Exercise details: Go over the data and work out how many lines include the word "linetype". Give that number only.

*** Data to use

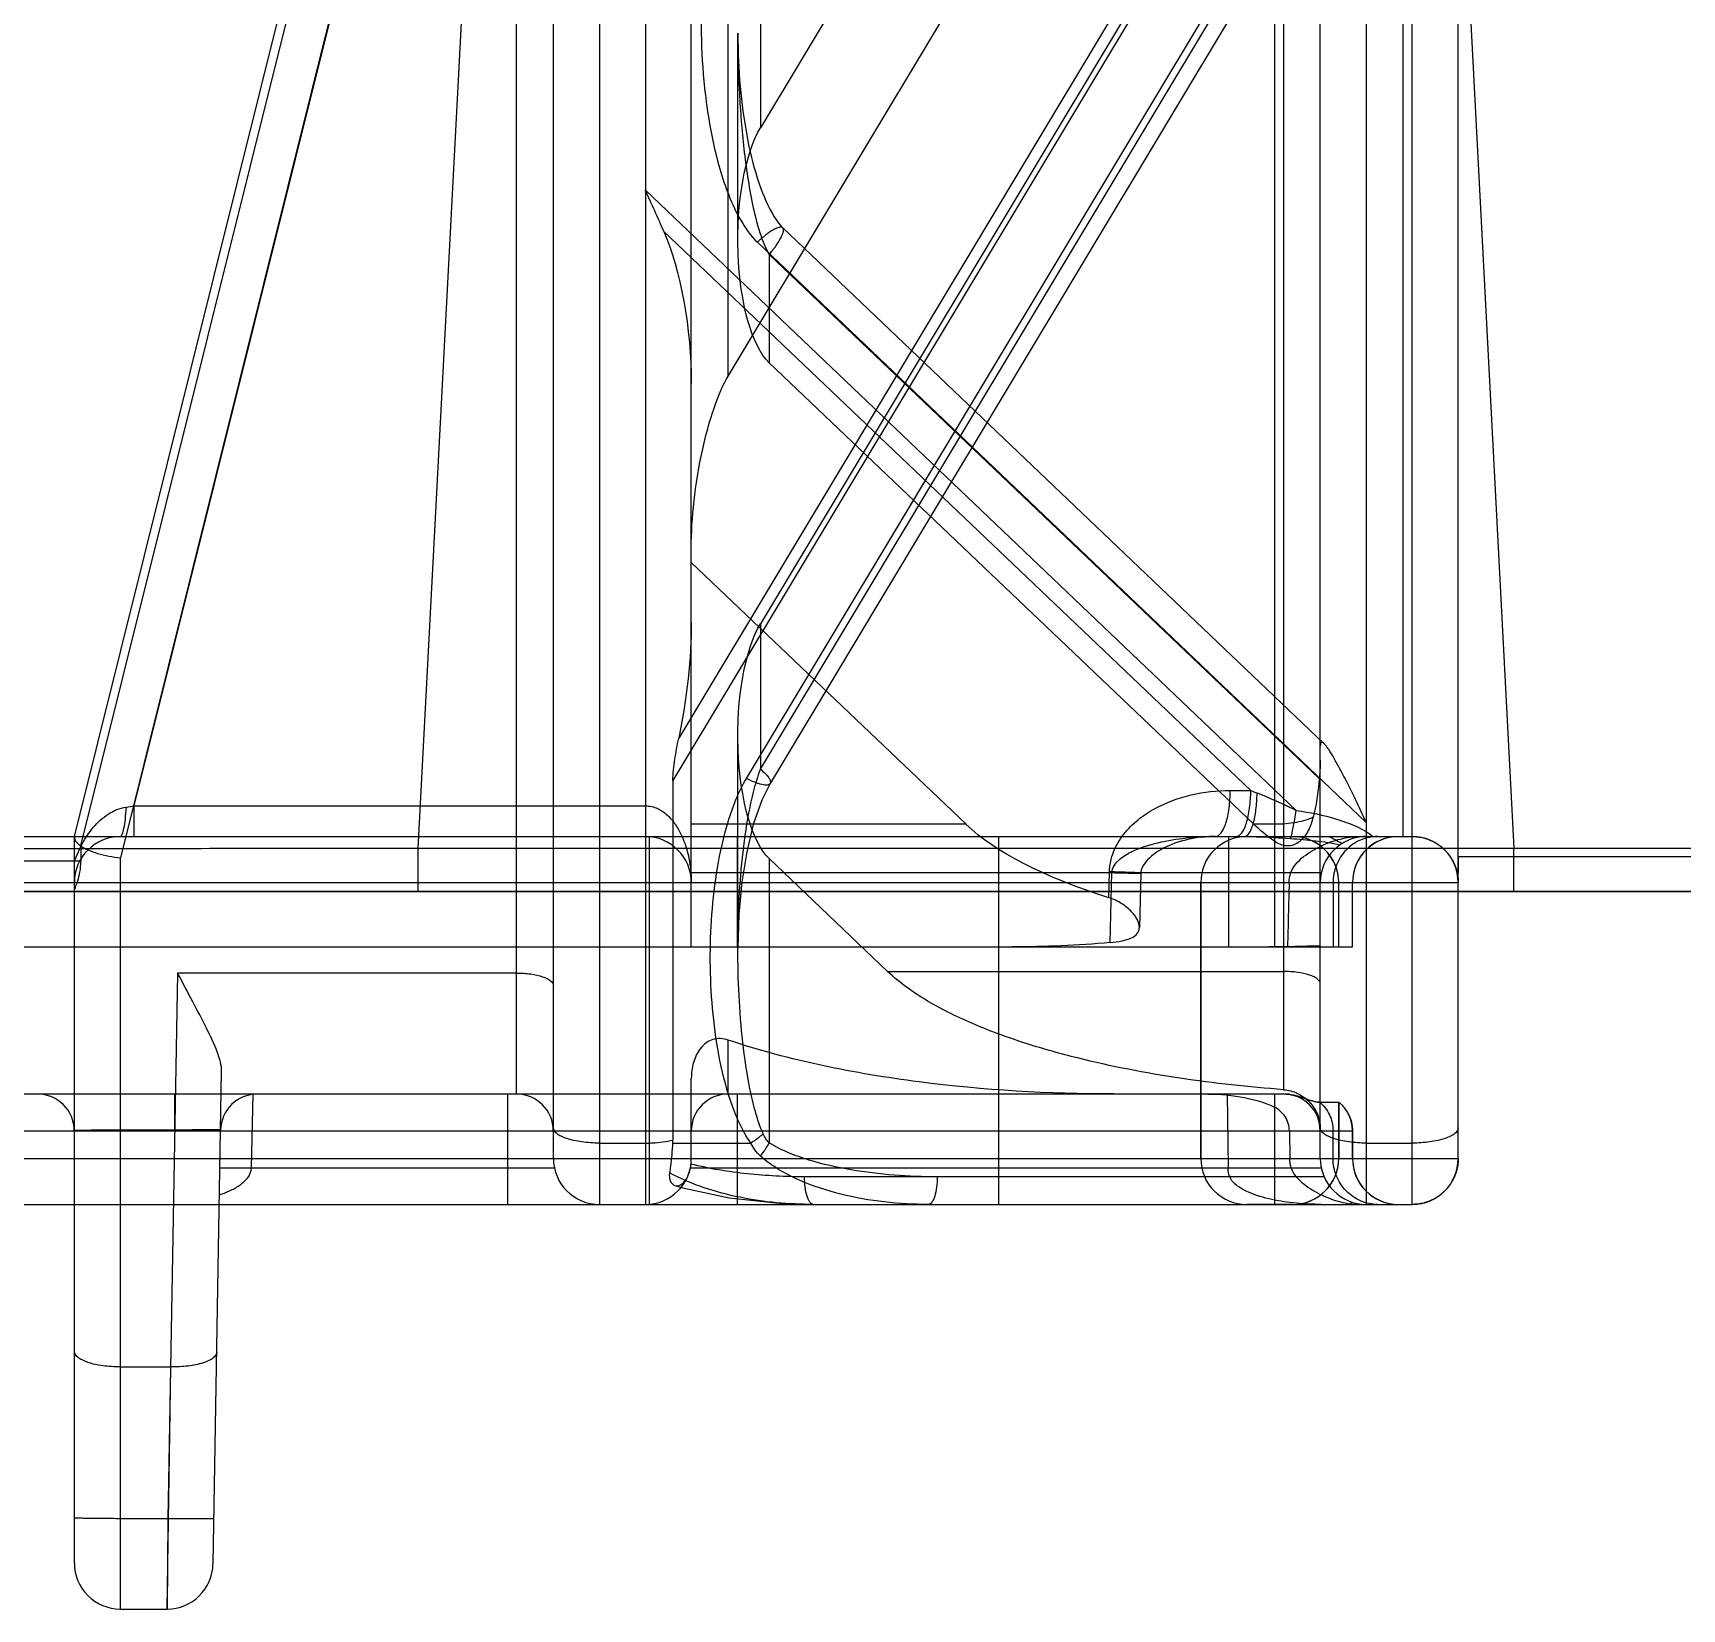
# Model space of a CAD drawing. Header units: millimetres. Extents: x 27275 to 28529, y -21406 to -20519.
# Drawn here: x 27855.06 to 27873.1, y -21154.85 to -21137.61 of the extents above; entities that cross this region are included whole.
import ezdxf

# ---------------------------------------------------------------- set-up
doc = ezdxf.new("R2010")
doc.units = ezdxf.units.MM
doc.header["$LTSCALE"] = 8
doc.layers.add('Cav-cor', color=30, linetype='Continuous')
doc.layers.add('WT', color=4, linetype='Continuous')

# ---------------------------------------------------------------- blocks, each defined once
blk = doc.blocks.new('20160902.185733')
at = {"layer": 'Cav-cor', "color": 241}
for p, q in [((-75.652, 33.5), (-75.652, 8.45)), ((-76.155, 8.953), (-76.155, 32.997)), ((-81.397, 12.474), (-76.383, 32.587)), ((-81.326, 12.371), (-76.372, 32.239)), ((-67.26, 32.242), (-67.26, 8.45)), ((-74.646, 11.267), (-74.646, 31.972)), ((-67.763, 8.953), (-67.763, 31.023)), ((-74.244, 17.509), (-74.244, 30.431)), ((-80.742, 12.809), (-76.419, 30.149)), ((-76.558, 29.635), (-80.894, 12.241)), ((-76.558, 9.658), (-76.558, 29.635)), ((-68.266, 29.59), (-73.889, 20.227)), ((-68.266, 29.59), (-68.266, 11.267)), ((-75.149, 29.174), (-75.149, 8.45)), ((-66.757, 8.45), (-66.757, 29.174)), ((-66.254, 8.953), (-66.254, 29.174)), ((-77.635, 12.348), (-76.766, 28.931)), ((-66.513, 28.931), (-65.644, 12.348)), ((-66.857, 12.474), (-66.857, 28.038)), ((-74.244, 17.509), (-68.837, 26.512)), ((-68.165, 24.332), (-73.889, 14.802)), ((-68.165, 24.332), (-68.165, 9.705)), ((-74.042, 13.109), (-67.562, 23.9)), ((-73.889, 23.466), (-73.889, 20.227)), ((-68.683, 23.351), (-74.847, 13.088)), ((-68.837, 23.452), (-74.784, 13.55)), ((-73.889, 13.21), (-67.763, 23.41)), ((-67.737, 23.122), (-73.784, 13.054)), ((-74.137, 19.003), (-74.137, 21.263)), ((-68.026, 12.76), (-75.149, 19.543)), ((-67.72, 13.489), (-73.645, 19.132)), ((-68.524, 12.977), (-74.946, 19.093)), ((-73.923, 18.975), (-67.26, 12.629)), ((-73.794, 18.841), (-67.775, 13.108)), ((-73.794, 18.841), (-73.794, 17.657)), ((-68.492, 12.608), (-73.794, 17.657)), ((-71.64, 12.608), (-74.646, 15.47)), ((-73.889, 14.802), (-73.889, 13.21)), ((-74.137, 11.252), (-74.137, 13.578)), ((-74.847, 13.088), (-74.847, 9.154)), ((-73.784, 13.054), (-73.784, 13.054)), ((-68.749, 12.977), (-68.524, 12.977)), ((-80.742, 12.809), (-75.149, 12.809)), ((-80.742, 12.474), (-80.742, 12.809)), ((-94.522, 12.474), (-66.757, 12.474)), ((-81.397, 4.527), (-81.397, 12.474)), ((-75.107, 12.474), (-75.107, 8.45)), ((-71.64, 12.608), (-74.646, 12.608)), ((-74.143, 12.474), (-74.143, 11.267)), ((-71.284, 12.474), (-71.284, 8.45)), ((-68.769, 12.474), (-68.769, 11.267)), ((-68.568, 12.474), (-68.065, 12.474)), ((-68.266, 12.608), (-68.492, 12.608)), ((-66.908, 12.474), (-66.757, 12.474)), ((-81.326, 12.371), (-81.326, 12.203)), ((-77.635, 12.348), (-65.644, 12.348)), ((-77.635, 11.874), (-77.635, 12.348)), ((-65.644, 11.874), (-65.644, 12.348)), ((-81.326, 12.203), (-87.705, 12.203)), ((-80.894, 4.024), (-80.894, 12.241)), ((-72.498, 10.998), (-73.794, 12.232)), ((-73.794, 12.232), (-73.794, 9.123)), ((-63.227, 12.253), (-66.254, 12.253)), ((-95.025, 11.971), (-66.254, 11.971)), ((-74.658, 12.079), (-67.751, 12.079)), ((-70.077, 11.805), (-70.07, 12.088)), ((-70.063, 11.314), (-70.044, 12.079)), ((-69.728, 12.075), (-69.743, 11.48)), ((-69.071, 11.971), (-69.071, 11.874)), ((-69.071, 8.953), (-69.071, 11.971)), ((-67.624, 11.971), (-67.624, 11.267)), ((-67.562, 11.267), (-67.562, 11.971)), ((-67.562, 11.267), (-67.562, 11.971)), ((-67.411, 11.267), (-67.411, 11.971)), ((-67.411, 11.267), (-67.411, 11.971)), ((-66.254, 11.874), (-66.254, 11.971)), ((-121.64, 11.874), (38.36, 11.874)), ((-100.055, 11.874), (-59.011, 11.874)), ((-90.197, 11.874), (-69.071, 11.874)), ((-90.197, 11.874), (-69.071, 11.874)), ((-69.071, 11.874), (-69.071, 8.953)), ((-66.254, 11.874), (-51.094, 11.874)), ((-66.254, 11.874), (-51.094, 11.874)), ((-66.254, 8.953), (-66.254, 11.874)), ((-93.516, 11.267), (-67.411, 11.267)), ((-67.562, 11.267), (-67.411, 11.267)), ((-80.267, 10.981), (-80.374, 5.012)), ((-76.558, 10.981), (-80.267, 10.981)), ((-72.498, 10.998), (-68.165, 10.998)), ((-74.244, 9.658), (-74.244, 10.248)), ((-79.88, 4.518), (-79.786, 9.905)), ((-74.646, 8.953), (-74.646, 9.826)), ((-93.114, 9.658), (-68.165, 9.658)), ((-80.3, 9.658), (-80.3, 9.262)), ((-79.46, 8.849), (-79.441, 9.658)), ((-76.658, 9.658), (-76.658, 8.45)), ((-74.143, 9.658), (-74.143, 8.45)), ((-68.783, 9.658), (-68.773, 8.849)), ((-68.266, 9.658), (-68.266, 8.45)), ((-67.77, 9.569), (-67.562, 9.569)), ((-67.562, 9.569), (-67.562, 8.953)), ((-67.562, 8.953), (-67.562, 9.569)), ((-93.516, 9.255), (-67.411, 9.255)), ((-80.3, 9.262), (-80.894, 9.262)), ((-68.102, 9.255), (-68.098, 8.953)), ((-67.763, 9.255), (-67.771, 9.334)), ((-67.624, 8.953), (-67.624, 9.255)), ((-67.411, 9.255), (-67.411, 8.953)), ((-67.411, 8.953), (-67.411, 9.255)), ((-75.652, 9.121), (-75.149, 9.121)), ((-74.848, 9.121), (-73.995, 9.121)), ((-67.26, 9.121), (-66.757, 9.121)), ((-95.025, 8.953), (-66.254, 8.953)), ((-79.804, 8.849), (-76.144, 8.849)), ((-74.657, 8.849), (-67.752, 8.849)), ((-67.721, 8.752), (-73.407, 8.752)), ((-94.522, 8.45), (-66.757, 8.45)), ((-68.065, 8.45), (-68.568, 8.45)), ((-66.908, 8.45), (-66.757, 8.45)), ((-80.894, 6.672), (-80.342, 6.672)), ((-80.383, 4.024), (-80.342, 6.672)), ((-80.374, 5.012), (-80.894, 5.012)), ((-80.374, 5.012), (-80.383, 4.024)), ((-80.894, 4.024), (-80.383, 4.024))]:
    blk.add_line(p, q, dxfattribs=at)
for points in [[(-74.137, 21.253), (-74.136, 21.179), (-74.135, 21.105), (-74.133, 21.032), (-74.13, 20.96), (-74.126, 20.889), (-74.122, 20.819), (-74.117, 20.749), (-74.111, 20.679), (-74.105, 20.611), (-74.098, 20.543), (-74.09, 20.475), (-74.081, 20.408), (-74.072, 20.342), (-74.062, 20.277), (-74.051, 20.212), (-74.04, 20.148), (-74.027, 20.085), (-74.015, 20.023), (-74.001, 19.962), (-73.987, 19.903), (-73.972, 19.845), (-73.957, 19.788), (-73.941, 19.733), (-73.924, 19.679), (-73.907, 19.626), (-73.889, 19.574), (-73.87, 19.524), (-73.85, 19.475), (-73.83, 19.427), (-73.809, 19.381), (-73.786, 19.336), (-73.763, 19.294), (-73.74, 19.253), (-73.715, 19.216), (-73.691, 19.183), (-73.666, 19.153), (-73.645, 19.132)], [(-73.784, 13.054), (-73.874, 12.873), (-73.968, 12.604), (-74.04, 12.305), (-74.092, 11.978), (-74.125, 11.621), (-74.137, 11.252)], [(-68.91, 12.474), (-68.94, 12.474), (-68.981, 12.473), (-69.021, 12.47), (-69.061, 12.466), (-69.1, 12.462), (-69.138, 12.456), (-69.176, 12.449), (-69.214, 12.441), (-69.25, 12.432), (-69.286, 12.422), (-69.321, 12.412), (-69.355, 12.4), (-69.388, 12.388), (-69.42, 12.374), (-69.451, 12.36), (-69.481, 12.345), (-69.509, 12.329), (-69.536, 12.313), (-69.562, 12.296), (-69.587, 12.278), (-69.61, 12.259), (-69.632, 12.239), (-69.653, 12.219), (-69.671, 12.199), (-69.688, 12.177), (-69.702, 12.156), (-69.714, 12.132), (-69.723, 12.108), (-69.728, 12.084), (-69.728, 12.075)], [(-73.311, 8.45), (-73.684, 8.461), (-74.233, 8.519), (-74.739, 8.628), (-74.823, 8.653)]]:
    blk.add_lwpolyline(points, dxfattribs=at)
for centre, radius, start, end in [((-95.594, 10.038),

******

Written solution: 2